• _Instructions to follow_
Report every line of the records that includes the word "lineweight".

• _Records for processing_
------------------------------------------------------------

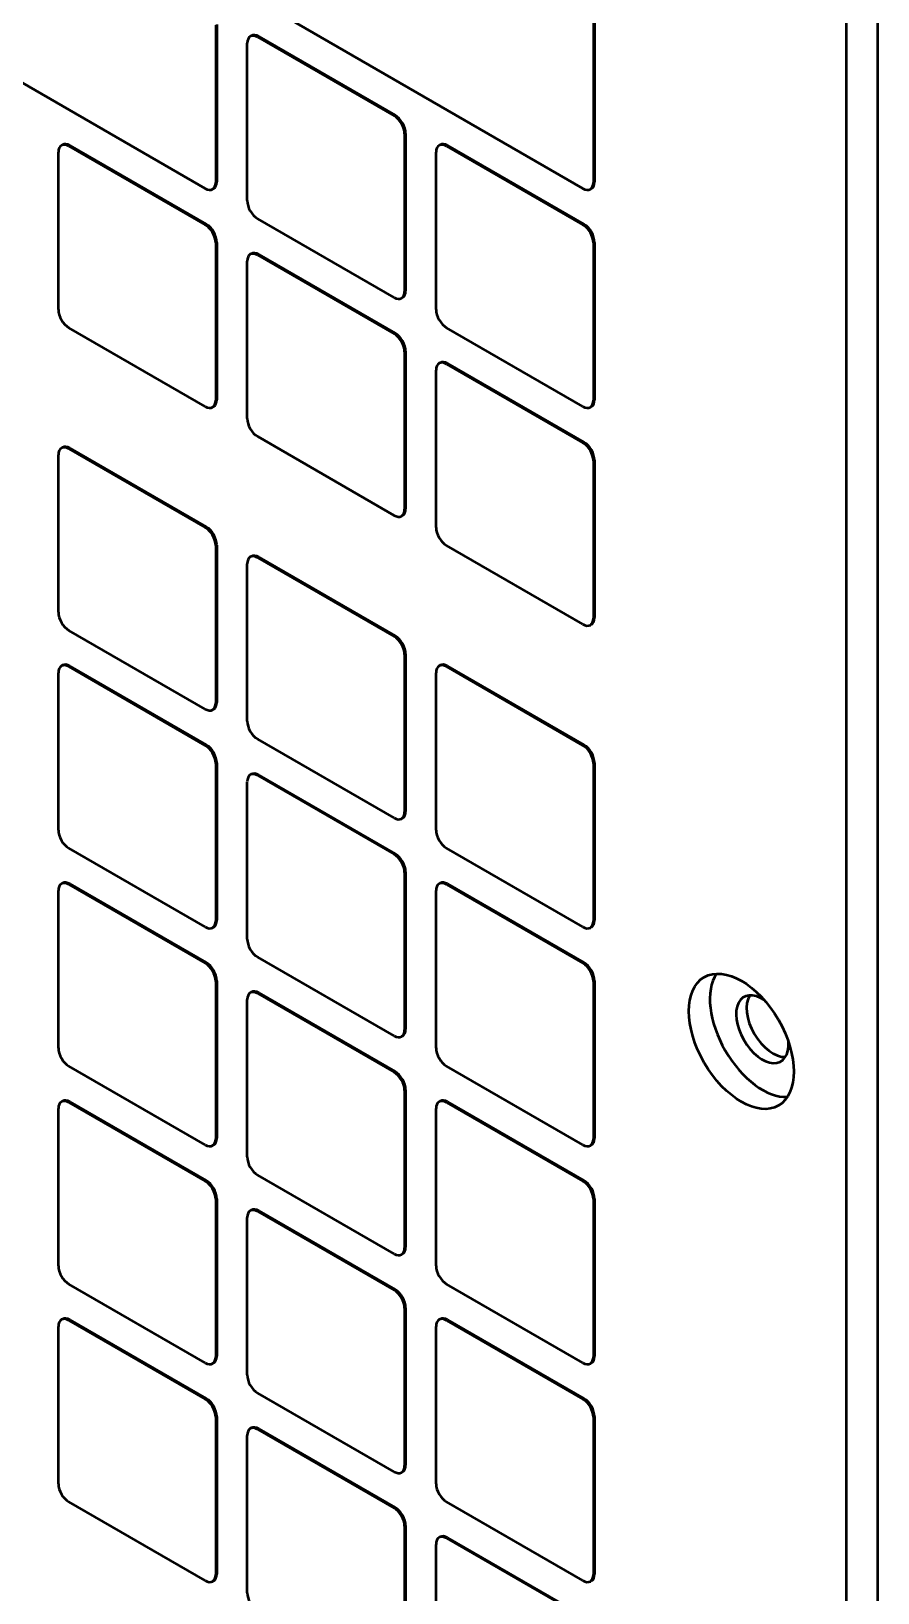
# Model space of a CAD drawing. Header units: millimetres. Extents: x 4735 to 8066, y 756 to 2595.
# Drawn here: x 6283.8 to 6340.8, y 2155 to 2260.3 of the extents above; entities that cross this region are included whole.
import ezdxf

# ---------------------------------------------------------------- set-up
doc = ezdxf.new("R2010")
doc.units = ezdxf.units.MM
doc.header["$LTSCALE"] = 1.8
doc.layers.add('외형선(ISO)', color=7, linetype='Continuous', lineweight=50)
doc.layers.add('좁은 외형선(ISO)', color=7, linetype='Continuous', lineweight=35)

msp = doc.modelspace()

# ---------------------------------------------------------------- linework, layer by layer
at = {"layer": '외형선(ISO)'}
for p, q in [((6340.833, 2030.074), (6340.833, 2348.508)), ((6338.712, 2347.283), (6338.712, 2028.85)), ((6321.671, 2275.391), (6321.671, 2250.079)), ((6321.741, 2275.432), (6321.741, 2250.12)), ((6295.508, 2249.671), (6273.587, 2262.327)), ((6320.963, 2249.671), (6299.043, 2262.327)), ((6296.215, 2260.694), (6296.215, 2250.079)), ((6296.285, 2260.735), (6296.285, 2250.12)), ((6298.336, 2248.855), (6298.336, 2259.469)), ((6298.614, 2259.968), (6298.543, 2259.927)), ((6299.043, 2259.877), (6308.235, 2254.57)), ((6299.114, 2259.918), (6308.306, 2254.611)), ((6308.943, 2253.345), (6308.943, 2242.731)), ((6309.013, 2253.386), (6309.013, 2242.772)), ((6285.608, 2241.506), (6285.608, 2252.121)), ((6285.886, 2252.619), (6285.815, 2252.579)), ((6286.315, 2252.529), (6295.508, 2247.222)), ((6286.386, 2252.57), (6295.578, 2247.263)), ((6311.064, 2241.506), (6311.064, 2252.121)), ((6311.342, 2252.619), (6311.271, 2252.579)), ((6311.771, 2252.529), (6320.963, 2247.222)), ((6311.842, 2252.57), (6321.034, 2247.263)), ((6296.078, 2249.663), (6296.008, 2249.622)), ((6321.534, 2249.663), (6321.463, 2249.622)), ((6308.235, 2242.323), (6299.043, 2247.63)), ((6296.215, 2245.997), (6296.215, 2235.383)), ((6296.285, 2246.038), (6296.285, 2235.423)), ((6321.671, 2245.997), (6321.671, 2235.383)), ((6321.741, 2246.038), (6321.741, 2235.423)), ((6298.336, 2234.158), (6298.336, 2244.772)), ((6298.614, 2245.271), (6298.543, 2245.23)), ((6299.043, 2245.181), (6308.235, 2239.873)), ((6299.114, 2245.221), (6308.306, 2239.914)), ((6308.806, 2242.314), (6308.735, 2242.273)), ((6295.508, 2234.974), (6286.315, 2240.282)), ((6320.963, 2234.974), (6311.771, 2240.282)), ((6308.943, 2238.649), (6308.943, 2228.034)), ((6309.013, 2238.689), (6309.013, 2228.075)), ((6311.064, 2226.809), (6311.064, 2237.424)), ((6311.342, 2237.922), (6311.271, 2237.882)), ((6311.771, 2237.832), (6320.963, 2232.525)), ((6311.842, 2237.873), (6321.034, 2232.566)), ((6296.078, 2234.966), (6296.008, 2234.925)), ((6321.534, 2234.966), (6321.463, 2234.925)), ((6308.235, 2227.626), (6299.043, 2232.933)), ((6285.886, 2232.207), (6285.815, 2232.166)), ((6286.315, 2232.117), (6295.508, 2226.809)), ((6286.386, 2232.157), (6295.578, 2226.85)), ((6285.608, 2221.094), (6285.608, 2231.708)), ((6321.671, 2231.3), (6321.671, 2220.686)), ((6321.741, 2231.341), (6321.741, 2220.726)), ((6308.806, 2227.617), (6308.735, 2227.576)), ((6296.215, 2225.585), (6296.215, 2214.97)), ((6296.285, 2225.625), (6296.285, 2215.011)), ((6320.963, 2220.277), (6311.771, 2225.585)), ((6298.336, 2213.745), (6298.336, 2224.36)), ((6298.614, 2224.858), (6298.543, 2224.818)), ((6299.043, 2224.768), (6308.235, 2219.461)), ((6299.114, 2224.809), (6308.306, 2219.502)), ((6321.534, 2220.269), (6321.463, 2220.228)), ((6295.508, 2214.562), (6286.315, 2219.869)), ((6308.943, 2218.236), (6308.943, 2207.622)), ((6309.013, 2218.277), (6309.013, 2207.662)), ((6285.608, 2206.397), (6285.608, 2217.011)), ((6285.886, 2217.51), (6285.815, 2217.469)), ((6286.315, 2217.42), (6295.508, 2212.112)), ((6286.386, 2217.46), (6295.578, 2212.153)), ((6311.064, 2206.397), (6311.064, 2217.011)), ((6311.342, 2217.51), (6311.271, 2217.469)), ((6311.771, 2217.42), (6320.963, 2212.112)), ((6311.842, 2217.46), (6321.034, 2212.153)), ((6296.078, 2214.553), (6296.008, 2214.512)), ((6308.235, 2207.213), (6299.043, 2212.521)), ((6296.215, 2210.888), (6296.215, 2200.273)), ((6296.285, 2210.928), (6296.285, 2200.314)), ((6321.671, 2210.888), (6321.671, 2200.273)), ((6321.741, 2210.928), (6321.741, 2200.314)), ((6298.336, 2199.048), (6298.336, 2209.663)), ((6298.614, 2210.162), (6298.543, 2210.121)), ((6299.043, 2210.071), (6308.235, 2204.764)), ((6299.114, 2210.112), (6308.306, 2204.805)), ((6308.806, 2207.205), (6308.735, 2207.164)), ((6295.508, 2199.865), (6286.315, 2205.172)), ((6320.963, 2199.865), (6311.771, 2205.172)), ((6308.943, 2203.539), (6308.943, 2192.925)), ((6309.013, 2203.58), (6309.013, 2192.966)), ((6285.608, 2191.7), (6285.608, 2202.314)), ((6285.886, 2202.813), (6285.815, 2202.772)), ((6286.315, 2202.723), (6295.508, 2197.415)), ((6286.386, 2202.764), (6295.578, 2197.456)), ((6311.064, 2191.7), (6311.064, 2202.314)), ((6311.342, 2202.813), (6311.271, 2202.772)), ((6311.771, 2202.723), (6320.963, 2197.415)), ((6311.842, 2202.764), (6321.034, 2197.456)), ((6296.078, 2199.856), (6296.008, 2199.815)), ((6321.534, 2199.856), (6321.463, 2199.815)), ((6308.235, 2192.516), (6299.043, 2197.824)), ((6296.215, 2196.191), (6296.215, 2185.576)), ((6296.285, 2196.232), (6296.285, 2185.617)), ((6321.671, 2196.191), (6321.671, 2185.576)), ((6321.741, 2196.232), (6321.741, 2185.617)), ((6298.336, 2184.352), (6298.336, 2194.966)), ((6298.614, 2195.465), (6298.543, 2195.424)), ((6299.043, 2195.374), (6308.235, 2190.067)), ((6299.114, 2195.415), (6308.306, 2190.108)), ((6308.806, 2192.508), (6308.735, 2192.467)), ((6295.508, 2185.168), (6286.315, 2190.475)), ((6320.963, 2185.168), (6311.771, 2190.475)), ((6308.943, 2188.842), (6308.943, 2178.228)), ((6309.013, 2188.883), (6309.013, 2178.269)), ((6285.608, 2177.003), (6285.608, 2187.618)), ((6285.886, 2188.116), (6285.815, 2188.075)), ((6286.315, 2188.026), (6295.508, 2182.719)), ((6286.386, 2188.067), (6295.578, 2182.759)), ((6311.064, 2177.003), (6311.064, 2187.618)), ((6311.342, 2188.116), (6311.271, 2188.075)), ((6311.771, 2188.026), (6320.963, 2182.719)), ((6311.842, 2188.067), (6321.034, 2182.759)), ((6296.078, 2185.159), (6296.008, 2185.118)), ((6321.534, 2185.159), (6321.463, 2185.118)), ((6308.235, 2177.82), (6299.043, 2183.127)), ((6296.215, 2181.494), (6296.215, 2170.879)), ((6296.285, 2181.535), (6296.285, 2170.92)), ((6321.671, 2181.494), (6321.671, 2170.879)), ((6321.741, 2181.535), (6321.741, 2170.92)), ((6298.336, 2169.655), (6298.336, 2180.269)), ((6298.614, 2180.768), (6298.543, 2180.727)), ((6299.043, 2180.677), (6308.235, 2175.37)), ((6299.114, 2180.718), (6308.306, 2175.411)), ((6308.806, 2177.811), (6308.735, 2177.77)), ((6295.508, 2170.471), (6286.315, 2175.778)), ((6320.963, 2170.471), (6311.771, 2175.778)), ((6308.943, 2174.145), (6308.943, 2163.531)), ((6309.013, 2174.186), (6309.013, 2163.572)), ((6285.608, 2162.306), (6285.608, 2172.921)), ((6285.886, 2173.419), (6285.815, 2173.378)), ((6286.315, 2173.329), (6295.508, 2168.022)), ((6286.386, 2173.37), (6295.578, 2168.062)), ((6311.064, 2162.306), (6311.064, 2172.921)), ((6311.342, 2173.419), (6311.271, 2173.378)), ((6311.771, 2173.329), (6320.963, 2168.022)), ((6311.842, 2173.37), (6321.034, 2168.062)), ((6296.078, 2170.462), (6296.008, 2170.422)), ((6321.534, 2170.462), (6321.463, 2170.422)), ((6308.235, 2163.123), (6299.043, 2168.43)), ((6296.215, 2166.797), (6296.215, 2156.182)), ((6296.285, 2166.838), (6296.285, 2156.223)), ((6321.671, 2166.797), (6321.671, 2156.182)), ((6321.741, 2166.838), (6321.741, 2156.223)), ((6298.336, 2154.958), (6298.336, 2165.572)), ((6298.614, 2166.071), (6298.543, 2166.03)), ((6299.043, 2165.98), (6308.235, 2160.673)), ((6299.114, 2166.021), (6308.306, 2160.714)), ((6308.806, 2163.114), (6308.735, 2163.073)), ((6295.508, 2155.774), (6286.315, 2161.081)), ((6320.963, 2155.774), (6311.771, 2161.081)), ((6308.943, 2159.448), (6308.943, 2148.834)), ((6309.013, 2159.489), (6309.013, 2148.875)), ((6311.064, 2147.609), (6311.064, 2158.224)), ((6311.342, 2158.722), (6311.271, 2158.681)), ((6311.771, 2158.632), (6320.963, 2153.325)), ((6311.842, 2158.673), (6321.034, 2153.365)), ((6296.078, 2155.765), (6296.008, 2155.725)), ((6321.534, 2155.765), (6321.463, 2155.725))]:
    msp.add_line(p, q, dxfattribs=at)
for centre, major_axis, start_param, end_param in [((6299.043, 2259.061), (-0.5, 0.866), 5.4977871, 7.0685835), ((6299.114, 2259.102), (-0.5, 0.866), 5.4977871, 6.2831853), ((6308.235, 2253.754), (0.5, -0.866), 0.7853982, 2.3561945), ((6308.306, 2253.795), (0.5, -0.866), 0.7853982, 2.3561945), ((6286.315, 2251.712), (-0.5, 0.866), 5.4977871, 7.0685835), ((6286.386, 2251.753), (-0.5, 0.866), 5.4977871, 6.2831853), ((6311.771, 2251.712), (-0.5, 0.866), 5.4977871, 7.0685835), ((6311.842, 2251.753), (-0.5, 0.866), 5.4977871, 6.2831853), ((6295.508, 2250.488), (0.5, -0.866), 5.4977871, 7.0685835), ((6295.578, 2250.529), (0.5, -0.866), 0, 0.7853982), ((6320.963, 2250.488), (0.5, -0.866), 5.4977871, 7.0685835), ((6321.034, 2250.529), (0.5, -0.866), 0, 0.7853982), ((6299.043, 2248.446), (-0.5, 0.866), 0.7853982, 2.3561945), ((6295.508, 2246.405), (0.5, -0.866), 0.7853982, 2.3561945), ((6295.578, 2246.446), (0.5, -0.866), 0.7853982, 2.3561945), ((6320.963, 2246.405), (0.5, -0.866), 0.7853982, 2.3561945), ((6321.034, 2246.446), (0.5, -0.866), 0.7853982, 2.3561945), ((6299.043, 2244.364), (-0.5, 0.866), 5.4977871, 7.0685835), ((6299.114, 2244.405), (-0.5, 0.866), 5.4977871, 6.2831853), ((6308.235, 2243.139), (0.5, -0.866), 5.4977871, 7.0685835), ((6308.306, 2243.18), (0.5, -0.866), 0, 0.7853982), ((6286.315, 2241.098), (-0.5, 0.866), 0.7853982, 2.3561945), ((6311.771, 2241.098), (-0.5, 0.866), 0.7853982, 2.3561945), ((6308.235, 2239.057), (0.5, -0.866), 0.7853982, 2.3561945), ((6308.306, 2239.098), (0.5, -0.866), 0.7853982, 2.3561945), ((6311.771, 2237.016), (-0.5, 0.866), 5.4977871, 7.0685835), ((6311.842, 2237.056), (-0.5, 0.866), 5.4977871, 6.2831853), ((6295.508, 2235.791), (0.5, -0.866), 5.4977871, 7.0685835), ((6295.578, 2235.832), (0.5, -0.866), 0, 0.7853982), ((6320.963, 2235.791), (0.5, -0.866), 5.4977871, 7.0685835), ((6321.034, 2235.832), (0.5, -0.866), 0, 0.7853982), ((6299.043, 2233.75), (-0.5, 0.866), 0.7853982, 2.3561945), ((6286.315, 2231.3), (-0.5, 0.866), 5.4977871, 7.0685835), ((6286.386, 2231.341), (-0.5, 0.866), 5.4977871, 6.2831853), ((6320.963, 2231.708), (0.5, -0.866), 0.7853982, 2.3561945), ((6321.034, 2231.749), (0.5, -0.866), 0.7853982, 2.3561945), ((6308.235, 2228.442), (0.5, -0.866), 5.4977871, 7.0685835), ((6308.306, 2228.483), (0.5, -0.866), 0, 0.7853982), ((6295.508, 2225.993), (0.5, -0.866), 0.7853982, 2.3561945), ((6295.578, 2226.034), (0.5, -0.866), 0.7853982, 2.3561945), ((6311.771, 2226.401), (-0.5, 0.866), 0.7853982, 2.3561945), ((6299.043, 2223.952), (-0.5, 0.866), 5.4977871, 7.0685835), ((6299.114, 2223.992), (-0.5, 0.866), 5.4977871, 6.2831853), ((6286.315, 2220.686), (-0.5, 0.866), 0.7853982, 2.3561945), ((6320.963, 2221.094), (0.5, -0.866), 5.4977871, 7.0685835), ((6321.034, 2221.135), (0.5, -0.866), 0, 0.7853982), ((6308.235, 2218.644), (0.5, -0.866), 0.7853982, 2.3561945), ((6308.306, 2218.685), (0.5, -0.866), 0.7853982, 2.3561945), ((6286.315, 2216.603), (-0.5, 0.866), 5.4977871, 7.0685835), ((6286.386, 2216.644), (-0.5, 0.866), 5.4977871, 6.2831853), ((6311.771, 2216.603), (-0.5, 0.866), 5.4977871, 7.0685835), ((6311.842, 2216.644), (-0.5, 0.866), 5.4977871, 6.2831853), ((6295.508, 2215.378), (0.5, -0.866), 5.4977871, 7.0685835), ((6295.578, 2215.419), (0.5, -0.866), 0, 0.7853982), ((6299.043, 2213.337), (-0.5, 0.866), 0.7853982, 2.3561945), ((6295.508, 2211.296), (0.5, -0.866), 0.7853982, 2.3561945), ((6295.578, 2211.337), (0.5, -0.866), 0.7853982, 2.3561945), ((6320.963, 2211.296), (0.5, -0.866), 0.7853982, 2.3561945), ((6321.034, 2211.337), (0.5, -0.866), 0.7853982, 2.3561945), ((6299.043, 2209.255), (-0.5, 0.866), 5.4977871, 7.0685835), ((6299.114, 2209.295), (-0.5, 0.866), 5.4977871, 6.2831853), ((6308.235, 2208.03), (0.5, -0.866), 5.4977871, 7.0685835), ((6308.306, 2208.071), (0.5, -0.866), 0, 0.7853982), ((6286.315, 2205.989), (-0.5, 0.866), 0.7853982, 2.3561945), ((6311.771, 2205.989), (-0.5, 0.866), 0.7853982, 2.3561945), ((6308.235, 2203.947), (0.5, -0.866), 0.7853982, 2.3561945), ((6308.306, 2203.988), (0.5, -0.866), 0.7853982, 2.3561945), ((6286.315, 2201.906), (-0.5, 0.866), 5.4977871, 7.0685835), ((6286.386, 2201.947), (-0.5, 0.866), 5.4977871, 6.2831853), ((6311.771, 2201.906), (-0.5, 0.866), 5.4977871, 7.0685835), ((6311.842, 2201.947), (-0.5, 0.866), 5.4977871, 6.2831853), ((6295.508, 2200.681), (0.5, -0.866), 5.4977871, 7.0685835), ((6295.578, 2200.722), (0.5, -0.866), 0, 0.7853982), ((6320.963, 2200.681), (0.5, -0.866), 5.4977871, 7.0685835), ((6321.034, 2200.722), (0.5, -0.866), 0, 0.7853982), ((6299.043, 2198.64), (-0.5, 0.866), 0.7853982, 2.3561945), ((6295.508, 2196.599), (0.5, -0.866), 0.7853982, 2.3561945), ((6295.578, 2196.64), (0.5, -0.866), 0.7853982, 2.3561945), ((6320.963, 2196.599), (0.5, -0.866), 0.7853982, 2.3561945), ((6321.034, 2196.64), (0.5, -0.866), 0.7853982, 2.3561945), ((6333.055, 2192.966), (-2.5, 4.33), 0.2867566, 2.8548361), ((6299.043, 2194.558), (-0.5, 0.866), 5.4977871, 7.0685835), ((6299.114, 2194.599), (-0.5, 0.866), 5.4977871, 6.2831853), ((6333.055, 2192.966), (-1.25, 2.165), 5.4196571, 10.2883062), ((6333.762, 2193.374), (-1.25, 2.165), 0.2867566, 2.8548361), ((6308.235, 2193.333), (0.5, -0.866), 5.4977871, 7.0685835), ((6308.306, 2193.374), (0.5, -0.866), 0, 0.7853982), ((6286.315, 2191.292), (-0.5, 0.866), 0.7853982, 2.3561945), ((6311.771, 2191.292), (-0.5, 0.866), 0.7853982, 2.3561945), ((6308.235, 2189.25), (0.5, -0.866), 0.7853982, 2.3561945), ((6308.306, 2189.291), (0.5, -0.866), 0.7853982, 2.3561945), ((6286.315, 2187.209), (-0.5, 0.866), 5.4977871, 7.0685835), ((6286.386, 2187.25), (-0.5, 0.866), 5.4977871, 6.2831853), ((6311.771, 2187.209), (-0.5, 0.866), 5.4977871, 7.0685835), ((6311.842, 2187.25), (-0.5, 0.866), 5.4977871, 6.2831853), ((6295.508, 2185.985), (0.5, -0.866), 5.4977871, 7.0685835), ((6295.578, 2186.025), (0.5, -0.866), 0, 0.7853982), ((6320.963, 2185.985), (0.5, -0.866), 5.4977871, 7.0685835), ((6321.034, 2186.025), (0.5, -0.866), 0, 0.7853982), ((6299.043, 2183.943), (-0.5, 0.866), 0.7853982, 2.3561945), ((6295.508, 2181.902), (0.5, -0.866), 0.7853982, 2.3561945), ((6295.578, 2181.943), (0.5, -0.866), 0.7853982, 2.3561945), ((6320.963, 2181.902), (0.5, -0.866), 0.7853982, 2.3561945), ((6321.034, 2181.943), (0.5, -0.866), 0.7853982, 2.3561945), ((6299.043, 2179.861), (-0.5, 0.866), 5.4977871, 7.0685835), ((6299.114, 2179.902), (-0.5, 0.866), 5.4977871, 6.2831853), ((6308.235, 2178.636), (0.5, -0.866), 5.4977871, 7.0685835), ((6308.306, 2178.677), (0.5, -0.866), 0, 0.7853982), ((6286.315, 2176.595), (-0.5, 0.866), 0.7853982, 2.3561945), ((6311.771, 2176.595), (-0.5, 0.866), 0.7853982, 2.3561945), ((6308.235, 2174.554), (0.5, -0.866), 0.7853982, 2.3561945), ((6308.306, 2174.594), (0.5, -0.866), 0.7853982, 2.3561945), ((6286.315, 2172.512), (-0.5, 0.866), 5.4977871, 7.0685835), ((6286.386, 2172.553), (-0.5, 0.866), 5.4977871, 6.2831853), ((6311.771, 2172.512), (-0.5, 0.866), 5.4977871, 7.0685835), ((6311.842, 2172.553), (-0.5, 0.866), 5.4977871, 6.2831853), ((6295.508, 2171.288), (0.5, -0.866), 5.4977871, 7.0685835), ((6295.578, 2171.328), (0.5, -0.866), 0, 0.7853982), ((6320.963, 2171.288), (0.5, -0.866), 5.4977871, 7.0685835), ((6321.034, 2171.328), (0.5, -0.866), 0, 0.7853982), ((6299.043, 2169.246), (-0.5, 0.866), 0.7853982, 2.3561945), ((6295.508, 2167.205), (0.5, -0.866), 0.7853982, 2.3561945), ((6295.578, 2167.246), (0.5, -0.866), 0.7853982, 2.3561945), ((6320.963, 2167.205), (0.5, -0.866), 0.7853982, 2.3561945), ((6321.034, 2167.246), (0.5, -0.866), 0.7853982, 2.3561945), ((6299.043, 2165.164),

------------------------------------------------------------

• _Final answer_
doc.layers.add('외형선(ISO)', color=7, linetype='Continuous', lineweight=50)
doc.layers.add('좁은 외형선(ISO)', color=7, linetype='Continuous', lineweight=35)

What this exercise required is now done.